意見書・声明
意見書 会長声明等

 裁判官の人事制度に関する意見書

2002年(平成14年)7月2日
  1. はじめに

    1. 裁判官人事の問題点

      裁判官人事の問題点については,<1>全国的規模で行われる転勤,<2>部総括裁判官への指名,<3>判事3号への昇給(いわゆる3号俸)が公平かつ適正に行われているとはいえないのではないかとの疑問が指摘されてきた。特に,青年法律家協会に加入していた裁判官や全国裁判官懇話会の中心となって活動していた裁判官などに対して,大都市の裁判所へ転勤させず,地方の支部や家裁ばかりに配属する,あるいは部総括裁判官に指名しない,また判事3号への昇給を遅らせるといった差別的・不公正な人事が行われており,裁判官の市民的自由を不当に制限し,裁判官の独立を阻害しているのではないかと指摘されている。
      加えて,裁判官人事の前提にされたと考えられる裁判官の人事評価について,誰が(評価権者),どのような情報や根拠に基づき(評価根拠),如何なる基準(評価基準)で評価をしているのかが明らかにされておらず,極めて不透明であり,公平かつ適正な人事評価が行われているかどうかに疑念を持たざるを得ない状況にある。

    2. 司法制度改革審議会等における検討

      平成13年6月12日に公表された司法制度改革審議会意見書は,裁判官制度の改革として,<1>裁判官の給源の多様化(判事補制度の改革と弁護士任官の推進等),<2>裁判官の任命手続の見直し,<3>裁判官の人事制度の見直し(透明性・客観性の確保),<4>裁判所運営への国民参加,<5>最高裁判所裁判官の選任等の在り方について改革を提言している。
      裁判官の人事制度との関連では,(1)裁判官として任命されるべき者を指名する過程に国民の意思を反映させるために,諮問を受けて指名されるべき適任者を選考し,その結果を意見として述べる機関を設置すべきである,(2)裁判官の人事評価について可能な限り透明性・客観性を確保するための仕組みを整備すべきである,(3)裁判官の報酬の進級制(昇給制)について現在の報酬の段階の簡素化を含めてその在り方について検討すべきであるとしている。
      一方,最高裁は,平成13年9月に「裁判官の人事評価の在り方に関する研究会」を設置した。同研究会は,外部委員を交えて裁判官の人事評価制度についてから協議を続けているところ,平成14年夏を目処に協議結果を取りまとめて公表することが予定されている。

    3. 本意見書の内容

      本意見書では,裁判官の人事制度改革の基本的視点を指摘したうえで,司法制度改革審議会の意見書が指摘している裁判官の人事評価を巡る問題及び裁判官の報酬問題に加え,裁判官の人事に関して実質的な権限を有するとされる最高裁事務総局の問題及び裁判官人事制度において大きな位置を占めている裁判官の転勤制度についても意見を述べることとする。


  2. 意見の趣旨

    1. 裁判官の人事制度を検討するに当って,基本的視点としては,<1>裁判官の独立の確保,<2>国民への説明責任,<3>良質な司法サービスの実現などが重要である。

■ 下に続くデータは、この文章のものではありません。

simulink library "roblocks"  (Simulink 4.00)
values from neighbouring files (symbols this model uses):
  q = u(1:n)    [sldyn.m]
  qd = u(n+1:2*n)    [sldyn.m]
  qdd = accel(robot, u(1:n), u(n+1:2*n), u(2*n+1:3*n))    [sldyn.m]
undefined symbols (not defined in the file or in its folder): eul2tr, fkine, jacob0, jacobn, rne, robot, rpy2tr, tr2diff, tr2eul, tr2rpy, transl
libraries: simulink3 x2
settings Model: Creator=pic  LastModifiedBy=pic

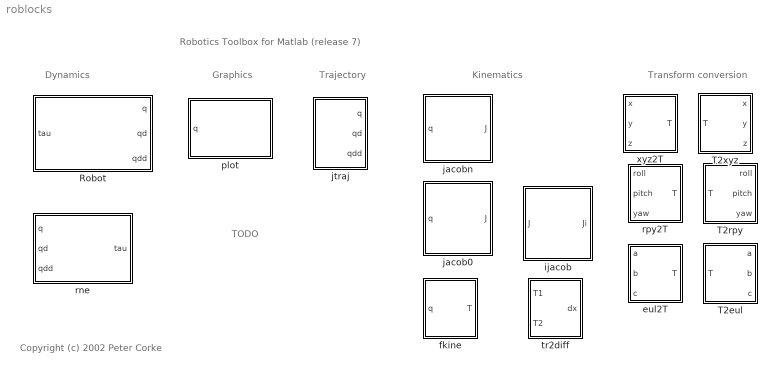
== system roblocks ==
  note: Robotics Toolbox for Matlab (release 7)
  note: TODO
  note: Copyright (c) 2002 Peter Corke
  note: Dynamics
  note: Graphics
  note: Kinematics
  note: Transform conversion
  note: Trajectory
  Robot : Subsystem  mask{robot=robot, q0=[0 0 0 0 0 0]}
      mask prompts: robot "Robot object"; q0 "Initial state"
      mask help: Rigid-body dynamic model of robot.
      mask init:
      | n = robot.n;
      | name = robot.name;
      settings: RTWFcnNameOpts=Auto  RTWFileNameOpts=Auto
      mask Help: Simulates the forward (direct) rigid-body dynamics of the robot described by the given robot object.
      mask Display:
      | port_label('input', 1, 'tau')
      | port_label('output', 1, 'q')
      | port_label('output', 2, 'qd')
      | port_label('output', 3, 'qdd')
      | text(0.1, 0.9,  robot.name, 'horizontalAlignment', 'left')
  T2eul : Subsystem
      settings: RTWFcnNameOpts=Auto  RTWFileNameOpts=Auto
      mask Description: Convert transform to Euler angles.
  T2rpy : Subsystem
      settings: RTWFcnNameOpts=Auto  RTWFileNameOpts=Auto
      mask Description: Convert transform to roll/pitch/yaw angles.
  T2xyz : Subsystem
      settings: RTWFcnNameOpts=Auto  RTWFileNameOpts=Auto
      mask Description: Convert transform to xyz scalars
  eul2T : Subsystem
      settings: RTWFcnNameOpts=Auto  RTWFileNameOpts=Auto
      mask Description: Convert Euler angles to transform.
  fkine : Subsystem  mask{robot=robot}
      mask prompts: robot "Robot object"
      mask help: Robot forward kinematics.
      settings: RTWFcnNameOpts=Auto  RTWFileNameOpts=Auto
      mask Help: Compute homogeneous transform for robot end-effector given joint angles.
      mask Display:
      | port_label('input', 1, 'q')
      | port_label('output', 1, 'T')
      | text(0.9, 0.9, robot.name,  'horizontalAlignment', 'right')
  ijacob : Subsystem
      settings: RTWFcnNameOpts=Auto  RTWFileNameOpts=Auto
      mask Description:
      | Robot inverse Jacobian for world coordinates.
      | 
      | Only valid for square jacobians (ie/ 6DOF robots)
      mask Display:
      | text(0.4, 0.7, 'J', 'verticalAlignment', 'top', 'horizontalAlignment', 'left')
      | text(0.65, 0.65, '-1', 'verticalAlignment', 'bottom', 'horizontalAlignment', 'right')
      | port_label('input', 1, 'J');
      | port_label('output', 1, 'Ji')
  "jacob0 " : Subsystem  mask{robot=robot}
      mask prompts: robot "Robot object"
      mask help: Robot Jacobian for end-effector coordinates
      mask init:
      | n=robot.n;
      settings: RTWFcnNameOpts=Auto  RTWFileNameOpts=Auto
      mask Display:
      | text(0.4, 0.7, 'J', 'verticalAlignment', 'top', 'horizontalAlignment', 'left')
      | text(0.4, 0.7, '0', 'verticalAlignment', 'bottom', 'horizontalAlignment', 'right')
      | text(0.5, 0.2, robot.name,  'horizontalAlignment', 'center')
      | port_label('input', 1, 'q')
      | port_label('output', 1, 'J')
  jacobn : Subsystem  mask{robot=robot}
      mask prompts: robot "Robot object"
      mask help: Robot Jacobian for end-effector coordinates
      mask init:
      | n=robot.n;
      settings: RTWFcnNameOpts=Auto  RTWFileNameOpts=Auto
      mask Display:
      | text(0.5, 0.4, 'J', 'verticalAlignment', 'top', 'horizontalAlignment', 'left')
      | text(0.5, 0.4, 'n', 'verticalAlignment', 'bottom', 'horizontalAlignment', 'right')
      | text(0.9, 0.9, robot.name,  'horizontalAlignment', 'right')
      | port_label('input', 1, 'q')
      | port_label('output', 1, 'J')
  jtraj : Subsystem  mask{q0=[0 0 0 0 0 0], qf=[pi/4 pi/2 -pi/2 0 0 0], tmax=10}
      mask help: Joint interpolated trajectory.
      mask init:
      | n = length(q0);
      | if length(q0) ~= length(qf) ,
      |  error('q0 and qf must be same length')
      | end
      | t=[0:100]'/100*tmax;
      | [q,qd,qdd] = jtraj(q0, qf, t);
      settings: RTWFcnNameOpts=Auto  RTWFileNameOpts=Auto
      mask Help:
      | Generate quintic polynomial to move from initial to final joint angles as specified.  Initial and final velocity are assumed to be zero.
      | 
      | Outputs joint angles as well as joint angle rates.
      mask Display:
      | port_label('output', 1, 'q')
      | port_label('output', 2, 'qd')
      | port_label('output', 3, 'qdd')
  plot : Subsystem  mask{robot=robot}
      mask prompts: robot "Name of robot"
      mask help: Graphical robot display.
      mask init:
      | plot(robot,zeros(1,robot.n))
      settings: RTWFcnNameOpts=Auto  RTWFileNameOpts=Auto
      mask Help: This block graphically displays the named robot
      mask Display: text(0.5, 0.5,  robot.name, 'horizontalAlignment', 'center')
  rne : Subsystem  mask{robot=robot, grav=[0 0 9.81]}
      mask prompts: robot "Robot object"; grav "Gravity"
      mask help: Rigid-body inverse dynamics.
      mask init:
      | n=robot.n;
      settings: RTWFcnNameOpts=Auto  RTWFileNameOpts=Auto
      mask Help: Given a robot dynamic model and joint angle, rate and acceleration determine the required joint torque.  Useful for computed and inverse torque control schemes.
      mask Display:
      | port_label('output', 1, 'tau')
      | port_label('input', 1, 'q')
      | port_label('input', 2, 'qd')
      | port_label('input', 3, 'qdd')
      | text(0.9, 0.9,  robot.name, 'horizontalAlignment', 'right')
  rpy2T : Subsystem
      settings: RTWFcnNameOpts=Auto  RTWFileNameOpts=Auto
      mask Description: Convert roll/pitch/yaw angles to transform.
  tr2diff : Subsystem  mask{robot=robot}
      mask prompts: robot "Robot object"
      mask help: Robot forward kinematics.
      settings: RTWFcnNameOpts=Auto  RTWFileNameOpts=Auto
      mask Help: Compute homogeneous transform for robot end-effector given joint angles.
      mask Display:
      | port_label('input', 1, 'T1')
      | port_label('input', 2, 'T2')
      | port_label('output', 1, 'dx')
  xyz2T : Subsystem
      settings: RTWFcnNameOpts=Auto  RTWFileNameOpts=Auto
      mask Description: Convert xyz scalars to transform.

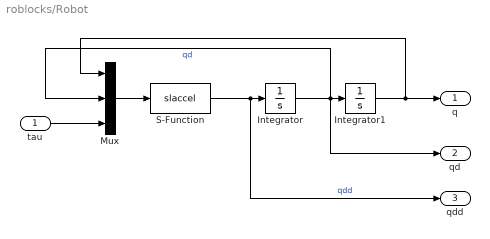
== system roblocks/Robot ==
  tau : Inport  Port=1
  Integrator : Integrator  ExternalReset=none  InitialConditionSource=internal  InitialCondition=0  LimitOutput=off  UpperSaturationLimit=inf  LowerSaturationLimit=-inf  ShowSaturationPort=off  ShowStatePort=off  AbsoluteTolerance=auto
  Integrator1 : Integrator  ExternalReset=none  InitialConditionSource=internal  InitialCondition=0  LimitOutput=off  UpperSaturationLimit=inf  LowerSaturationLimit=-inf  ShowSaturationPort=off  ShowStatePort=off  AbsoluteTolerance=auto
  Mux : Mux  Inputs=3
  S-Function : S-Function  FunctionName=slaccel  Parameters=robot  PortCounts=[]  SFunctionModules=''
  q : Outport  Port=1
  qd : Outport  Port=2
  qdd : Outport  Port=3
  wires:
  S-Function/1 -> qdd/1, Integrator/1  "qdd"
  Mux/1 -> S-Function/1
  Integrator/1 -> qd/1, Integrator1/1, Mux/2  "qd"
  tau/1 -> Mux/3
  Integrator1/1 -> q/1, Mux/1

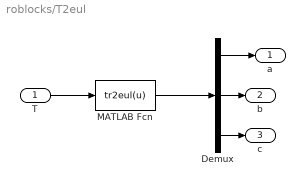
== system roblocks/T2eul ==
  T : Inport  Port=1
  Demux : Demux  Outputs=3  BusSelectionMode=off
  MATLAB Fcn : MATLABFcn  MATLABFcn=tr2eul(u)  OutputDimensions=3  OutputSignalType=auto  Output1D=on
  a : Outport  Port=1
  b : Outport  Port=2
  c : Outport  Port=3
  wires:
  Demux/3 -> c/1
  Demux/2 -> b/1
  Demux/1 -> a/1
  MATLAB Fcn/1 -> Demux/1
  T/1 -> MATLAB Fcn/1

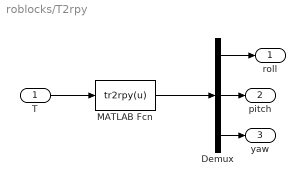
== system roblocks/T2rpy ==
  T : Inport  Port=1
  Demux : Demux  Outputs=3  BusSelectionMode=off
  MATLAB Fcn : MATLABFcn  MATLABFcn=tr2rpy(u)  OutputDimensions=3  OutputSignalType=auto  Output1D=on
  roll : Outport  Port=1
  pitch : Outport  Port=2
  yaw : Outport  Port=3
  wires:
  Demux/3 -> yaw/1
  Demux/2 -> pitch/1
  Demux/1 -> roll/1
  MATLAB Fcn/1 -> Demux/1
  T/1 -> MATLAB Fcn/1

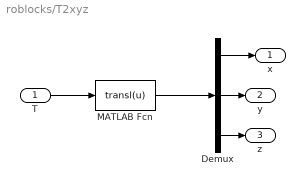
== system roblocks/T2xyz ==
  T : Inport  Port=1
  Demux : Demux  Outputs=3  BusSelectionMode=off
  MATLAB Fcn : MATLABFcn  MATLABFcn=transl(u)  OutputDimensions=3  OutputSignalType=auto  Output1D=on
  x : Outport  Port=1
  y : Outport  Port=2
  z : Outport  Port=3
  wires:
  T/1 -> MATLAB Fcn/1
  MATLAB Fcn/1 -> Demux/1
  Demux/1 -> x/1
  Demux/2 -> y/1
  Demux/3 -> z/1

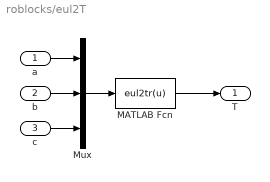
== system roblocks/eul2T ==
  a : Inport  Port=1
  b : Inport  Port=2
  c : Inport  Port=3
  MATLAB Fcn : MATLABFcn  MATLABFcn=eul2tr(u)  OutputDimensions=[4 4]  OutputSignalType=auto  Output1D=off
  Mux : Mux  Inputs=3
  T : Outport  Port=1
  wires:
  c/1 -> Mux/3
  MATLAB Fcn/1 -> T/1
  Mux/1 -> MATLAB Fcn/1
  a/1 -> Mux/1
  b/1 -> Mux/2

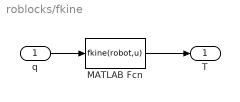
== system roblocks/fkine ==
  q : Inport  Port=1
  MATLAB Fcn : MATLABFcn  MATLABFcn=fkine(robot,u)  OutputDimensions=[4 4]  OutputSignalType=auto  Output1D=off
  T : Outport  Port=1
  wires:
  q/1 -> MATLAB Fcn/1
  MATLAB Fcn/1 -> T/1

== system roblocks/ijacob ==
  J : Inport  Port=1
  inverse jacobian : MATLABFcn  MATLABFcn=inv(u)  OutputDimensions=-1  OutputSignalType=auto  Output1D=off
  Ji : Outport  Port=1
  wires:
  inverse jacobian/1 -> Ji/1
  J/1 -> inverse jacobian/1

== system roblocks/jacob0  ==
  q : Inport  Port=1
  MATLAB Fcn : MATLABFcn  MATLABFcn=jacob0(robot,u)  OutputDimensions=[6 n]  OutputSignalType=auto  Output1D=off
  J : Outport  Port=1
  wires:
  MATLAB Fcn/1 -> J/1
  q/1 -> MATLAB Fcn/1

== system roblocks/jacobn ==
  q : Inport  Port=1
  MATLAB Fcn : MATLABFcn  MATLABFcn=jacobn(robot,u)  OutputDimensions=[6 n]  OutputSignalType=auto  Output1D=off
  J : Outport  Port=1
  wires:
  MATLAB Fcn/1 -> J/1
  q/1 -> MATLAB Fcn/1

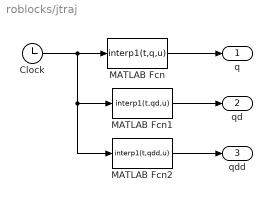
== system roblocks/jtraj ==
  Clock : Clock
      settings: DisplayTime=off  Decimation=10
  MATLAB Fcn : MATLABFcn  MATLABFcn=interp1(t,q,u)  OutputDimensions=n  OutputSignalType=auto  Output1D=on
  MATLAB Fcn1 : MATLABFcn  MATLABFcn=interp1(t,qd,u)  OutputDimensions=n  OutputSignalType=auto  Output1D=on
  MATLAB Fcn2 : MATLABFcn  MATLABFcn=interp1(t,qdd,u)  OutputDimensions=n  OutputSignalType=auto  Output1D=on
  q : Outport  Port=1
  qd : Outport  Port=2
  qdd : Outport  Port=3
  wires:
  MATLAB Fcn/1 -> q/1
  MATLAB Fcn1/1 -> qd/1
  Clock/1 -> MATLAB Fcn/1, MATLAB Fcn1/1, MATLAB Fcn2/1
  MATLAB Fcn2/1 -> qdd/1

== system roblocks/plot ==
  q : Inport  Port=1
  S-Function : S-Function  FunctionName=slplotbot  Parameters=robot  PortCounts=[]  SFunctionModules=''
  wires:
  q/1 -> S-Function/1

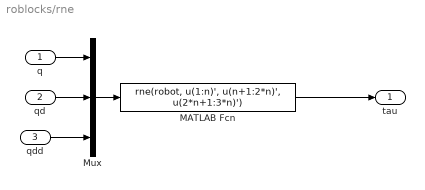
== system roblocks/rne ==
  q : Inport  Port=1
  qd : Inport  Port=2
  qdd : Inport  Port=3
  MATLAB Fcn : MATLABFcn  MATLABFcn=rne(robot, u(1:n)', u(n+1:2*n)', u(2*n+1:3*n)')  OutputDimensions=n  OutputSignalType=auto  Output1D=on
  Mux : Mux  Inputs=3
  tau : Outport  Port=1
  wires:
  Mux/1 -> MATLAB Fcn/1
  q/1 -> Mux/1
  qd/1 -> Mux/2
  qdd/1 -> Mux/3
  MATLAB Fcn/1 -> tau/1

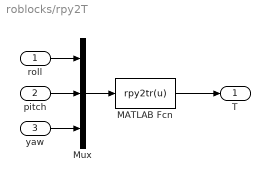
== system roblocks/rpy2T ==
  roll : Inport  Port=1
  pitch : Inport  Port=2
  yaw : Inport  Port=3
  MATLAB Fcn : MATLABFcn  MATLABFcn=rpy2tr(u)  OutputDimensions=[4 4]  OutputSignalType=auto  Output1D=off
  Mux : Mux  Inputs=3
  T : Outport  Port=1
  wires:
  yaw/1 -> Mux/3
  MATLAB Fcn/1 -> T/1
  Mux/1 -> MATLAB Fcn/1
  roll/1 -> Mux/1
  pitch/1 -> Mux/2

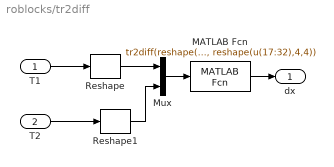
== system roblocks/tr2diff ==
  T1 : Inport  Port=1
  T2 : Inport  Port=2
  MATLAB Fcn : MATLABFcn  MATLABFcn=tr2diff(reshape(u(1:16),4,4), reshape(u(17:32),4,4))  OutputDimensions=6  OutputSignalType=auto  Output1D=on
  Mux : Mux  Inputs=2
  Reshape : simulink3/Signals & Systems/Reshape  OutputDimensionality=1-D array  OutputDimensions=[1,1]
  Reshape1 : simulink3/Signals & Systems/Reshape  OutputDimensionality=1-D array  OutputDimensions=[1,1]
  dx : Outport  Port=1
  wires:
  MATLAB Fcn/1 -> dx/1
  T1/1 -> Reshape/1
  T2/1 -> Reshape1/1
  Mux/1 -> MATLAB Fcn/1
  Reshape/1 -> Mux/1
  Reshape1/1 -> Mux/2

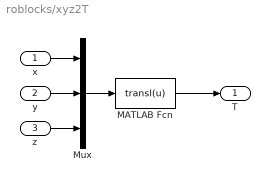
== system roblocks/xyz2T ==
  x : Inport  Port=1
  y : Inport  Port=2
  z : Inport  Port=3
  MATLAB Fcn : MATLABFcn  MATLABFcn=transl(u)  OutputDimensions=[4 4]  OutputSignalType=auto  Output1D=off
  Mux : Mux  Inputs=3
  T : Outport  Port=1
  wires:
  y/1 -> Mux/2
  x/1 -> Mux/1
  Mux/1 -> MATLAB Fcn/1
  MATLAB Fcn/1 -> T/1
  z/1 -> Mux/3

    2. 裁判官の人事行政は,最高裁の裁判官会議に最終的な決定権限があるとしつつ,実質的には高裁の裁判官会議で高裁単位の裁判官人事を決定することを基本とすべきである。そして,適切な判断ができるように諮問機関の設置を検討すべきである。

    3. 現行の全国規模での転勤制度は廃止し,裁判官のポストごとの応募制を導入すべきである。
       応募制を導入するまでの間は,<1>高裁ブロック単位の異動を原則とすること,<2>任地の決定については公平なルールを採用すること,<3>任地の決定は高裁の裁判官会議で実質的に決定すること,<4>過疎地勤務のための奨励金的な手当を支給すること,<5>転勤について不服のある裁判官は理由の開示を求め,不服申立ができるようにすることが必要である。

    4. 独立して職権を行使するという裁判官の職務の特殊性に鑑み,裁判官の評価をするに当っては,その目的を明確に限定することが必要である。

    5. 裁判官の評価については,各裁判所の裁判官会議を第一次的な評価権者とすべきであるが,各高裁もしくは地裁単位に外部委員も加えた「裁判官評価委員会」(仮称)を設置する。

    6. 裁判官評価には,裁判を受けた弁護士,検察官や当事者による外部評価を導入すべきである。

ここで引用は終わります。